As physicians, we have always sought ways to evaluate ourselves. We strive both to know that we are providing optimum care for our patients and to satisfy ourselves that we are being the best clinicians we can be. Traditionally, a wide variety of physician-derived outcome measures have been employed to answer these questions. Unfortunately, these instruments have often failed to capture the complex relationship between success, as we define it, and satisfaction, as defined by our patients.
Increasingly, patient satisfaction is assuming a more prominent position in the world of outcomes measurement. With the emergence of online rating sites such as Healthgrades, Angie’s List, and RateMDs, the public evaluation of our practice is, more than ever, a reflection of patient satisfaction. In addition, in the changing landscape of health care, patient satisfaction is becoming increasingly tied to reimbursement. Over the next year, for example, 30% of Medicare payments to hospitals will be based on a patient-satisfaction questionnaire, and patient satisfaction seems certain to play a role in pay-for-performance models.
As the practice environment changes around us, we cannot dismiss the possibility that we could lose control of how our outcomes are measured. Although physician-derived instruments have, to date, failed to fully capture the factors that patients identify as important, we remain in the best position to develop the next generation of more complete measurement tools. We must apply good science to our unique knowledge and experience and take a leadership role in shaping the future of outcomes measurement.
In “Age and Sex Differences Between Patient and Physician-Derived Outcome Measures in the Foot and Ankle,” Dr. Baumhauer and her colleagues demonstrate the type of important work that will begin to shape that future. Starting with an open-ended pilot question and building their survey instrument with use of the patients’ own words, they developed a survey built entirely on factors deemed important by their patients. They then administered their survey to nearly 800 patients over a three-month period to further stratify which of the factors their patients considered to be most important. They further evaluated their data by stratifying by age and sex and, finally, by comparing their rank list with two commonly used physician-derived outcome scales.

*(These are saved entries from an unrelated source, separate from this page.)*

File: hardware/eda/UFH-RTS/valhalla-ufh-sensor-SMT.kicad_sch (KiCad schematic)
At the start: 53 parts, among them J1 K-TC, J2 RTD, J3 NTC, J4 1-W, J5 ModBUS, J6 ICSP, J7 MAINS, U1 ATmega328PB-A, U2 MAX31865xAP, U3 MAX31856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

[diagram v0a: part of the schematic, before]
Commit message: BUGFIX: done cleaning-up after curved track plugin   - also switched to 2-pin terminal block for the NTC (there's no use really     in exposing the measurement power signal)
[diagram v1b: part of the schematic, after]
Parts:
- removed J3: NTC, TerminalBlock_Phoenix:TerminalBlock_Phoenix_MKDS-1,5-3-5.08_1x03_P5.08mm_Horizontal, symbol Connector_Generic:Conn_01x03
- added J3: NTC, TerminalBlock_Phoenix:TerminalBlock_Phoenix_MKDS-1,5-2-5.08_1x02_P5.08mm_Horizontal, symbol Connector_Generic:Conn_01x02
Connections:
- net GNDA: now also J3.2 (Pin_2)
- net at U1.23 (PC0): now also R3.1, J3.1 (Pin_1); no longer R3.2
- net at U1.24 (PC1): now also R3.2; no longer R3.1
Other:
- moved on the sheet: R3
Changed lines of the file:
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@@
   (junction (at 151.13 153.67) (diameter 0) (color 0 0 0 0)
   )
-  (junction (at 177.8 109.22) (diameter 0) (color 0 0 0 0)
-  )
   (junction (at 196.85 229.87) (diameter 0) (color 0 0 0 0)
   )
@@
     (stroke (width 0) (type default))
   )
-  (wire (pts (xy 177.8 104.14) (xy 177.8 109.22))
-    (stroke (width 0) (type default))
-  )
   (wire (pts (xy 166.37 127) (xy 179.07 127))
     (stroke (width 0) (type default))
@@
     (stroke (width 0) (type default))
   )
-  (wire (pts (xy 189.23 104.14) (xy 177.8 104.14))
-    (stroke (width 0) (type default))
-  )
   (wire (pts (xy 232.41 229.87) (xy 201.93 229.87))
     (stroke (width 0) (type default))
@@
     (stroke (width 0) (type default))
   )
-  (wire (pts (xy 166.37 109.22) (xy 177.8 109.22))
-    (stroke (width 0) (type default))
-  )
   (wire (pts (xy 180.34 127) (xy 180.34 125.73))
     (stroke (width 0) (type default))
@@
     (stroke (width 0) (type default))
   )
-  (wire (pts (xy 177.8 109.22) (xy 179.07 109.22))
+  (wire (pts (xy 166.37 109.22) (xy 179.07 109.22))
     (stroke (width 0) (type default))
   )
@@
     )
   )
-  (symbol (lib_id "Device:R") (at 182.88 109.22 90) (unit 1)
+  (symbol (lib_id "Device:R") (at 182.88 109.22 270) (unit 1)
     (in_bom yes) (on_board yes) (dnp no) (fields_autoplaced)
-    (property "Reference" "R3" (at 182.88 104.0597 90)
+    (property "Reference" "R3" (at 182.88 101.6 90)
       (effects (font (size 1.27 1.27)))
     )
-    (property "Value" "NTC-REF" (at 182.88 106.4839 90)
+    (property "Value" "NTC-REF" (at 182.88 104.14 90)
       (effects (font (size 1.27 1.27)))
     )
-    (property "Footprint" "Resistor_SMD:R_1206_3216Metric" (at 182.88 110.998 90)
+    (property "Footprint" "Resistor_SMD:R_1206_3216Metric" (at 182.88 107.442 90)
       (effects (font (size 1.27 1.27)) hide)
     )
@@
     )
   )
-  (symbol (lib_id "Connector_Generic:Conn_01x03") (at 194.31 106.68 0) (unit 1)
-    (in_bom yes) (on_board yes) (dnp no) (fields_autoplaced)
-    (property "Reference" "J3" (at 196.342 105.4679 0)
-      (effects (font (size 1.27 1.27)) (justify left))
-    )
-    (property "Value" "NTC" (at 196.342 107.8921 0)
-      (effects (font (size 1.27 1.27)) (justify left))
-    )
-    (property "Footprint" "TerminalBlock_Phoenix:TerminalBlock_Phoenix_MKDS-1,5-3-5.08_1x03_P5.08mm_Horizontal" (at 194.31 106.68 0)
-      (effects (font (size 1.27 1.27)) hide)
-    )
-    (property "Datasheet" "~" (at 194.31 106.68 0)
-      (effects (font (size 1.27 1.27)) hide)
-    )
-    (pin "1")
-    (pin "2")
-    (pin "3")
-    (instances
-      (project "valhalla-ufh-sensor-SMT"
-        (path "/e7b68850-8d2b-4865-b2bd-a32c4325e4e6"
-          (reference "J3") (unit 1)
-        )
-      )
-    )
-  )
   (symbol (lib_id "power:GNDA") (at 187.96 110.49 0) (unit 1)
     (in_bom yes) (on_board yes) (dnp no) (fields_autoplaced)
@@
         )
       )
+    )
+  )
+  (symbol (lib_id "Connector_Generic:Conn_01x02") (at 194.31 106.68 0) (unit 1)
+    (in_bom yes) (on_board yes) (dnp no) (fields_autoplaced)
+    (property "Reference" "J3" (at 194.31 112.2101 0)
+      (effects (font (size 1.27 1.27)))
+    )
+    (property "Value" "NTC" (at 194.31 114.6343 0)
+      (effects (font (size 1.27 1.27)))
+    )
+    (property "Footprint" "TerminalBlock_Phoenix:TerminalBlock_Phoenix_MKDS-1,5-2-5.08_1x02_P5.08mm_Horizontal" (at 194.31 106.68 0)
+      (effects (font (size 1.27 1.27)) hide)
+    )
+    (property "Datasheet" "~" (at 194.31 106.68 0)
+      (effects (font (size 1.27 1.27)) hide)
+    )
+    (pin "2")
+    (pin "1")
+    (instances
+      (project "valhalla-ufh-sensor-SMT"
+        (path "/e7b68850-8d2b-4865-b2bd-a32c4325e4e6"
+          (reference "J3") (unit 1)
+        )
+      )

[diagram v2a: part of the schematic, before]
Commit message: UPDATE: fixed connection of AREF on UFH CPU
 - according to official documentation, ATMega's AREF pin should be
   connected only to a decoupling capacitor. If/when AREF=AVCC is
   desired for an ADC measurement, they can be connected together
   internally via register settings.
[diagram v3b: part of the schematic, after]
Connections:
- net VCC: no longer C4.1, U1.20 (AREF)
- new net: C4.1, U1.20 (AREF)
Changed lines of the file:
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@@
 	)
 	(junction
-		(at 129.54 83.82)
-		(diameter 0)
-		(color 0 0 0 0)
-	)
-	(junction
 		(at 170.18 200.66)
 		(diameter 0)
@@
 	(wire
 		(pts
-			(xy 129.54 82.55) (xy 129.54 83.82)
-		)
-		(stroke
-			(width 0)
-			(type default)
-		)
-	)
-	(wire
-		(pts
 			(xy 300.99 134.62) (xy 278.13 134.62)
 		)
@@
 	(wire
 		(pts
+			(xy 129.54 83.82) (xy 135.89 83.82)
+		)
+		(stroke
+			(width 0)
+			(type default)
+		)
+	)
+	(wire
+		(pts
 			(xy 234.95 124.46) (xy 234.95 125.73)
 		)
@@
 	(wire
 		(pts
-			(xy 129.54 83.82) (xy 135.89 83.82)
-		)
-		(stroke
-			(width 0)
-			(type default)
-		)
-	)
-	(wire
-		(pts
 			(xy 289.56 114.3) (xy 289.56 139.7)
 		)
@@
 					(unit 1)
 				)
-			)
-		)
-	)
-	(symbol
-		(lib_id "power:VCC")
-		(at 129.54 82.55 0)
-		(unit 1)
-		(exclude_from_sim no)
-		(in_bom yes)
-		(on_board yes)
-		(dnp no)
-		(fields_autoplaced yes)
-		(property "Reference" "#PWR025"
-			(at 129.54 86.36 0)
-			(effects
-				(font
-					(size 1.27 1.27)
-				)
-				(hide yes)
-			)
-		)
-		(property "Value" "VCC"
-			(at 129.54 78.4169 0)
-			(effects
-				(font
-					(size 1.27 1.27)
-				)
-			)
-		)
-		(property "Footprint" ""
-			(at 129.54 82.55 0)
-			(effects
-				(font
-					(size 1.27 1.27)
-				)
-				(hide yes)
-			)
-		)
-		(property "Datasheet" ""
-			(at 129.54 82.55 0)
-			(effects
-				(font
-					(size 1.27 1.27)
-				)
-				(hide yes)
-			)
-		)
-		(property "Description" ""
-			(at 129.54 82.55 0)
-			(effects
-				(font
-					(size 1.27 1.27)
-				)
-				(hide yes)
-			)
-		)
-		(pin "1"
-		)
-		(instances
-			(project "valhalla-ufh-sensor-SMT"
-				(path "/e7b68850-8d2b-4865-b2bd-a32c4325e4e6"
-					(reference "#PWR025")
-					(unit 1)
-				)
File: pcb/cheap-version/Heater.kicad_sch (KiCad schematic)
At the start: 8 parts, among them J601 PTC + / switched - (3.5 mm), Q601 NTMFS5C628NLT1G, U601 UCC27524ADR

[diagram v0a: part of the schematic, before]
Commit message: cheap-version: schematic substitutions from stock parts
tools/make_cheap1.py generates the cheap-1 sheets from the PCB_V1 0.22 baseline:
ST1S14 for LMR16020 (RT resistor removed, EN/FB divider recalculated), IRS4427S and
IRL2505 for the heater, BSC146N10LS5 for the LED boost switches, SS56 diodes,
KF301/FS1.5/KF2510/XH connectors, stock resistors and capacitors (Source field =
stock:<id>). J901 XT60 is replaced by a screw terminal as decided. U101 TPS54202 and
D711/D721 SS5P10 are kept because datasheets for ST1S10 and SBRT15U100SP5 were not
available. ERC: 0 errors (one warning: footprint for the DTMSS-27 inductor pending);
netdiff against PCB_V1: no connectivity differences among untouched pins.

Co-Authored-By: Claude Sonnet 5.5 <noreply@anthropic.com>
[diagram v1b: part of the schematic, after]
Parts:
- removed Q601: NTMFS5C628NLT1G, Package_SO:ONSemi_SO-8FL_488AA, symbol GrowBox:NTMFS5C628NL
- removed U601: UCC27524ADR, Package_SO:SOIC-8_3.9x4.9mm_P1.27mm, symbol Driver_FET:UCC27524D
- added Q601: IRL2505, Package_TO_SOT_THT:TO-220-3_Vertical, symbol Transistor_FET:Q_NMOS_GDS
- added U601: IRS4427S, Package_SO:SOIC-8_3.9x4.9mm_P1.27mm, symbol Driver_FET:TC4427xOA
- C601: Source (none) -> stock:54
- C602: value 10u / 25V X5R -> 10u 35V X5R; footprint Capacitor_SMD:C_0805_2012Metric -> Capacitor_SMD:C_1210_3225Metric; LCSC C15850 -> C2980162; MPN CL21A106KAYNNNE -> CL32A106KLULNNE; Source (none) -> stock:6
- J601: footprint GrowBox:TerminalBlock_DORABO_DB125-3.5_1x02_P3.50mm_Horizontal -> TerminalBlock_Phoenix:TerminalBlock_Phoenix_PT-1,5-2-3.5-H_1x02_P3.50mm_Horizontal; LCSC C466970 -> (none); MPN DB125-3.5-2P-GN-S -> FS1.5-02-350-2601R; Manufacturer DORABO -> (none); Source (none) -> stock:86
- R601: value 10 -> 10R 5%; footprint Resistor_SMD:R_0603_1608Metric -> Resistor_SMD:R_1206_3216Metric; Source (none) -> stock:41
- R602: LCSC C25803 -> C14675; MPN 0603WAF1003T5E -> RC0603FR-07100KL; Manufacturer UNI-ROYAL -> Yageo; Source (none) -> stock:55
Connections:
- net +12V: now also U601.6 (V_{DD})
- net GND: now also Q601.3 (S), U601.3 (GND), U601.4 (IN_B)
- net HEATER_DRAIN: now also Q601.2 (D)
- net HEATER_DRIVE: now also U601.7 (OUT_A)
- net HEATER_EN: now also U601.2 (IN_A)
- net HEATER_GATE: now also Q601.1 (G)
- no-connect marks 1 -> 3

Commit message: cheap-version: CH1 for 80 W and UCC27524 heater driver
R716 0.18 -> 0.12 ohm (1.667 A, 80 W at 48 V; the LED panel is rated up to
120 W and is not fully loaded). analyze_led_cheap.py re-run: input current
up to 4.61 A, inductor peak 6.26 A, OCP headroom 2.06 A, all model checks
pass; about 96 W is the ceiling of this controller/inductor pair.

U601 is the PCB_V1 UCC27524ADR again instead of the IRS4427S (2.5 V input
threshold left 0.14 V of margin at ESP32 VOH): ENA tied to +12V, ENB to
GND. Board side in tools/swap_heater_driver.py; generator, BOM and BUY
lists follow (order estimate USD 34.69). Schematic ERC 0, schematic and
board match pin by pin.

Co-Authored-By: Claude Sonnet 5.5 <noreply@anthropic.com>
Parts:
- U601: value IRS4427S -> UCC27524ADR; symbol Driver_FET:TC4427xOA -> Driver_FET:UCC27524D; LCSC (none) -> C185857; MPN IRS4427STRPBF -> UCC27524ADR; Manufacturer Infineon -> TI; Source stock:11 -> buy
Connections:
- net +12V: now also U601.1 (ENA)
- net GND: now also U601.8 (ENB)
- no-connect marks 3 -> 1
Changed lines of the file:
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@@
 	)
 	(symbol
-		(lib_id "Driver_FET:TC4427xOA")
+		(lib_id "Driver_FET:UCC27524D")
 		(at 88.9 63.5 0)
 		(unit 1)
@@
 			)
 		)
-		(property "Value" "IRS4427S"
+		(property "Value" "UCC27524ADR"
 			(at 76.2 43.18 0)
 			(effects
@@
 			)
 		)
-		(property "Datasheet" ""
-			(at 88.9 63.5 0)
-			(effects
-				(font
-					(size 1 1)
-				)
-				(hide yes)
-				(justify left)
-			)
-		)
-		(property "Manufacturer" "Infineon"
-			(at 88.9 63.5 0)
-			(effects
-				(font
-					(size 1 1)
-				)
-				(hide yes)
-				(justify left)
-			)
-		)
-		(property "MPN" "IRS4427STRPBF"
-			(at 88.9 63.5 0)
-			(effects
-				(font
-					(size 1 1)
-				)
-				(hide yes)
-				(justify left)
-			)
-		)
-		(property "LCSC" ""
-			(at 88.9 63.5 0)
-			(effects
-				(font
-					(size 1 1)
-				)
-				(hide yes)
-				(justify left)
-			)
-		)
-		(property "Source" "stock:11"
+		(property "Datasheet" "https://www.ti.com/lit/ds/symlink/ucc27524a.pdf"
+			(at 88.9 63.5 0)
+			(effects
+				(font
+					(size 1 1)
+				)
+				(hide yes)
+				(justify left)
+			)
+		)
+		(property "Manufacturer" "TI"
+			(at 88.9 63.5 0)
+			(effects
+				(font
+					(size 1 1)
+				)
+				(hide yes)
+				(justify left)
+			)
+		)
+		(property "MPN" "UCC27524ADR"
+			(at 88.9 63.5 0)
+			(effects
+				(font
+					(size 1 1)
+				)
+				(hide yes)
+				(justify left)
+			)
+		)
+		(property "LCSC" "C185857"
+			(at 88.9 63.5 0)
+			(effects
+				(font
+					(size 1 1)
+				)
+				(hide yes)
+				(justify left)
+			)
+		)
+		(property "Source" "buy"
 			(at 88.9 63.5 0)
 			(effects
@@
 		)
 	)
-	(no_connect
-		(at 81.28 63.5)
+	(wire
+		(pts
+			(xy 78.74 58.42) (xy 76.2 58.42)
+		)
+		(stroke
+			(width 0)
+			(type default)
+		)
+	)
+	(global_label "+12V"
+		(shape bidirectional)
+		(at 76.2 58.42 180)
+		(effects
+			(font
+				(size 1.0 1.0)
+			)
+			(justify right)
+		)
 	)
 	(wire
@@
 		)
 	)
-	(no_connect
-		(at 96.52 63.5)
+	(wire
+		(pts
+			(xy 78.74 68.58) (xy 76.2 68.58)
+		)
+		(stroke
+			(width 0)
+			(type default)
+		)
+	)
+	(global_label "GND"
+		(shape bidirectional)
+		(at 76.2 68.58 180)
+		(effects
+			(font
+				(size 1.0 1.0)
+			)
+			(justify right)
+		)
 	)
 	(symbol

I applaud Dr. Baumhauer and her colleagues for what is an important and timely contribution to the orthopaedic literature. As they would undoubtedly agree, there is further work ahead to produce a validated, widely applicable outcomes instrument. As noted in the paper, this survey was developed by, and applies most directly to, their patient population. Regional and demographic differences in the factors that patients identify as important could be substantial and, in order to best capture patient satisfaction, sex or region-specific instruments may be necessary. In addition, some work could, and should, be done to determine whether factors that foot and ankle surgeons traditionally have considered to be important may, in fact, capture factors identified by patients. As an example, this group of patients identified several factors (weakness, the need for a brace, the need for walking aids, and fear of falling) that could, at least in part, be proxies for stability, a factor that is included in physician-derived instruments. I expect that the best measurement tool, like the best surgical outcomes, will grow out of a joint effort between our patients and us.
It seems certain that the demand placed on us to provide patient-satisfaction data will only increase. The face of that data and, more specifically, the collection of factors that will define patient satisfaction remain to be determined. I, and all of us in this field, will benefit greatly from the continued work of authors like Dr. Baumhauer and her colleagues, who are working to keep us at the forefront of that discussion.